The first 256 bits are used as an input to the ECC module, producing an intermediary result we call \(PRE_1\).
Applying the addition module N together with our zero-level public key \(PK_0\) we get a first level public key \(PK_1\) without having to touch \(sk_0\) at all.
Spending funds received at an address derived from a first-level public key yielded from this method works with \(sk_0\), as the first-level public key obtained using NPKD is equivalent to the first-level public key produced with the NSKD method.
Summary - Mnemonic Phrases
The mnemonic phrase is a list of words that can be used to restore your private key. The mnemonic phrase is as sensible as your private key itself and if it gets in the wrong hands, your money can be stolen.
This should not scare you, but make you cautious.
The first step in generating keys is to produce a random private key. Different sources for entropy generation can be used, and it’s advisable to use several sources of entropy for added security.

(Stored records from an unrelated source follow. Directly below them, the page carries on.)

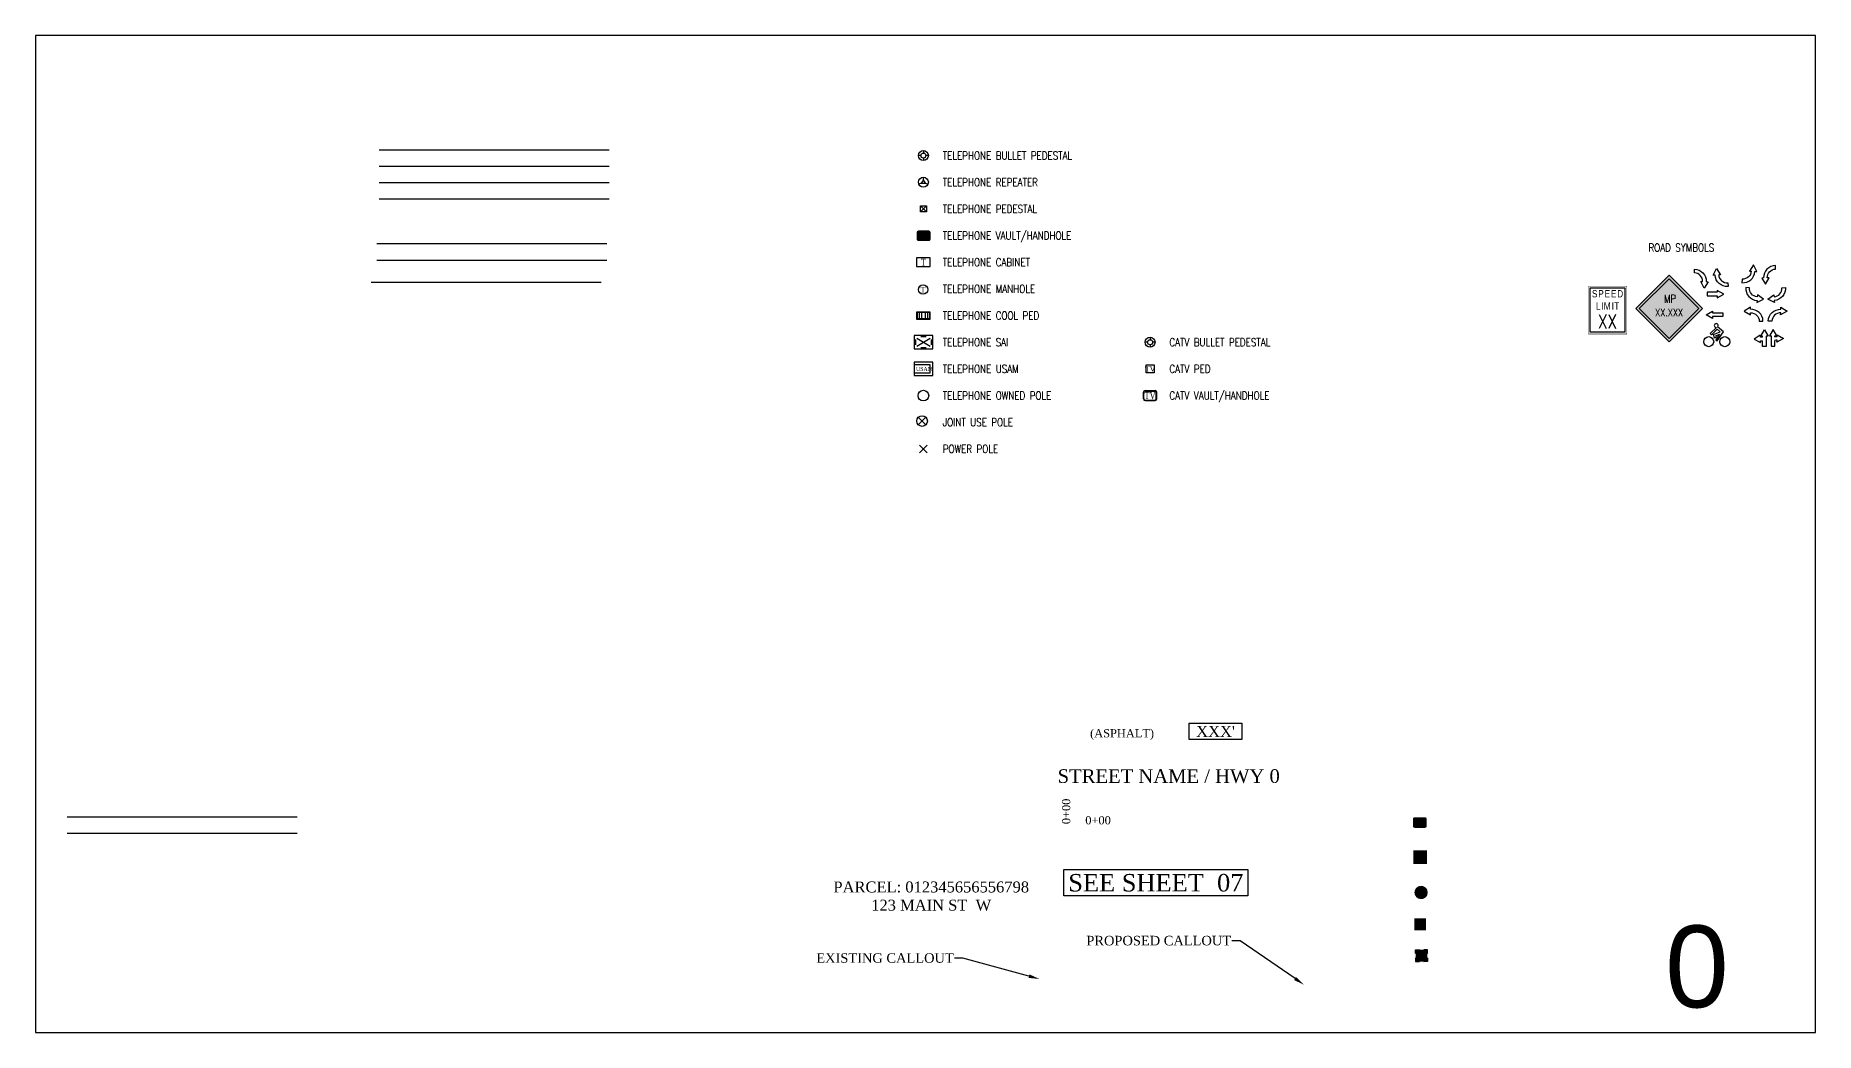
# Model space of a CAD drawing. Header units: feet. Extents: x 865220 to 2822444, y -2240498 to 975731.
# Drawn here: x 2811113 to 2811765, y 957827 to 958192 of the extents above; entities that cross this region are included whole.
import ezdxf
from ezdxf import colors
from ezdxf.entities.mleader import LeaderData, LeaderLine
from ezdxf.enums import TextEntityAlignment as Align
from ezdxf.lldxf.tags import DXFTag
from ezdxf.math import Vec2, Vec3

# ---------------------------------------------------------------- set-up
doc = ezdxf.new("R2010")
doc.units = ezdxf.units.FT
doc.header["$LTSCALE"] = 0.015
doc.header["$MEASUREMENT"] = 0
doc.set_wipeout_variables(frame=1)
for name, color, linetype in [('ADDRESS', 7, 'Continuous'), ('BOC', 7, 'BOC'), ('BORDER', 7, 'Continuous'), ('CATV STRUCT-EX', 30, 'CATV'), ('CENTER_LINE', 7, 'CL'), ('DETAIL', 7, 'Continuous'), ('DIMENSION-PROP', 7, 'Continuous'), ('EASEMENT', 7, 'EASEMENT'), ('ELEC STRUCT-EX', 1, 'Continuous'), ('EOP', 7, 'EOP'), ('F1', 112, 'F1'), ('FOOTAGE', 7, 'Continuous'), ('NOTES', 7, 'Continuous'), ('PUE', 7, 'PUE'), ('RUNNING LINE (AERIAL)', 10, 'Continuous'), ('RW', 174, 'RW'), ('STATIONING', 7, 'Continuous'), ('STREET NAME', 7, 'Continuous'), ('TAIL', 1, 'MST'), ('TEL LINE', 30, 'TEL'), ('TELEPHONE STRUCT-EX', 30, 'Continuous'), ('TELEPHONE STRUCT-PROP', 6, 'Continuous'), ('TRAFFIC LANE', 254, 'LANE')]:
    doc.layers.add(name, color=color, linetype=linetype)
doc.layers.add('RUNNING LINE (UNDERGROUND)', color=10, linetype='Continuous', lineweight=40)
doc.layers.add('WORK BOUNDARY', color=110, linetype='Continuous', lineweight=40)
doc.styles.add('Dimensions 100', font='arial.ttf')
doc.styles.add('Line', font='txt.shx', dxfattribs={"height": 3})
doc.styles.add('RS332', font='romans.shx', dxfattribs={"width": 0.8})
doc.styles.add('SIMPLEX', font='times.ttf', dxfattribs={"width": 0.8})
doc.styles.get("Standard").update_dxf_attribs({"font": 'times.ttf'})
doc.styles.add('Utilities', font='arial.ttf', dxfattribs={"height": 2.5})
tags = doc.linetypes.add('BOC', pattern='A,100,-5,["BOC",Line,S=1,R=0,X=0,Y=-1.5],-12', length=117).pattern_tags.tags
tags[6] = DXFTag(74, 10)
tags = doc.linetypes.add('CATV', pattern='A,20,-5,["CATV",Line,S=1,R=0,X=-2,Y=-1.5],-12', length=37).pattern_tags.tags
tags[6] = DXFTag(74, 10)
tags = doc.linetypes.add('CL', pattern='A,10,-8,8,-8,35,-8,8,-8,20,-5,["C/L",Line,S=1,R=0,X=0,Y=-1.5],-12,10', length=140).pattern_tags.tags
tags[22] = DXFTag(74, 10)
tags = doc.linetypes.add('EASEMENT', pattern='A,20,-4,4,-4,4,-4,4,-5,["ESMT",Line,S=1,R=0,X=-2,Y=-1.5],-12,4,-4', length=69).pattern_tags.tags
tags[18] = DXFTag(74, 10)
tags = doc.linetypes.add('EOP', pattern='A,100,-5,["EOP",Line,S=1,R=0,X=0,Y=-1.5],-12', length=117).pattern_tags.tags
tags[6] = DXFTag(74, 10)
tags = doc.linetypes.add('F1', pattern='A,15,-5,["F1",Line,S=1.5,R=0,X=0,Y=-1.5],-12', length=32).pattern_tags.tags
tags[6] = DXFTag(74, 10)
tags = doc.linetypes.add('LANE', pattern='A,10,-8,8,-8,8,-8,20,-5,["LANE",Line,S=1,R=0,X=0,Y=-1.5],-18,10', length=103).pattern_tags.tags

Mnemonic phrases are generated by splitting the initial entropy into groups and mapping each group to a word.
There are different ways to derive a public key from a private key, the difference being the type of inputs. Most wallets today are hierarchical deterministic wallets that can create several key pairs from an initial entropy source.
This is good for the user because they only need a single key to generate several separate accounts, even across different blockchains.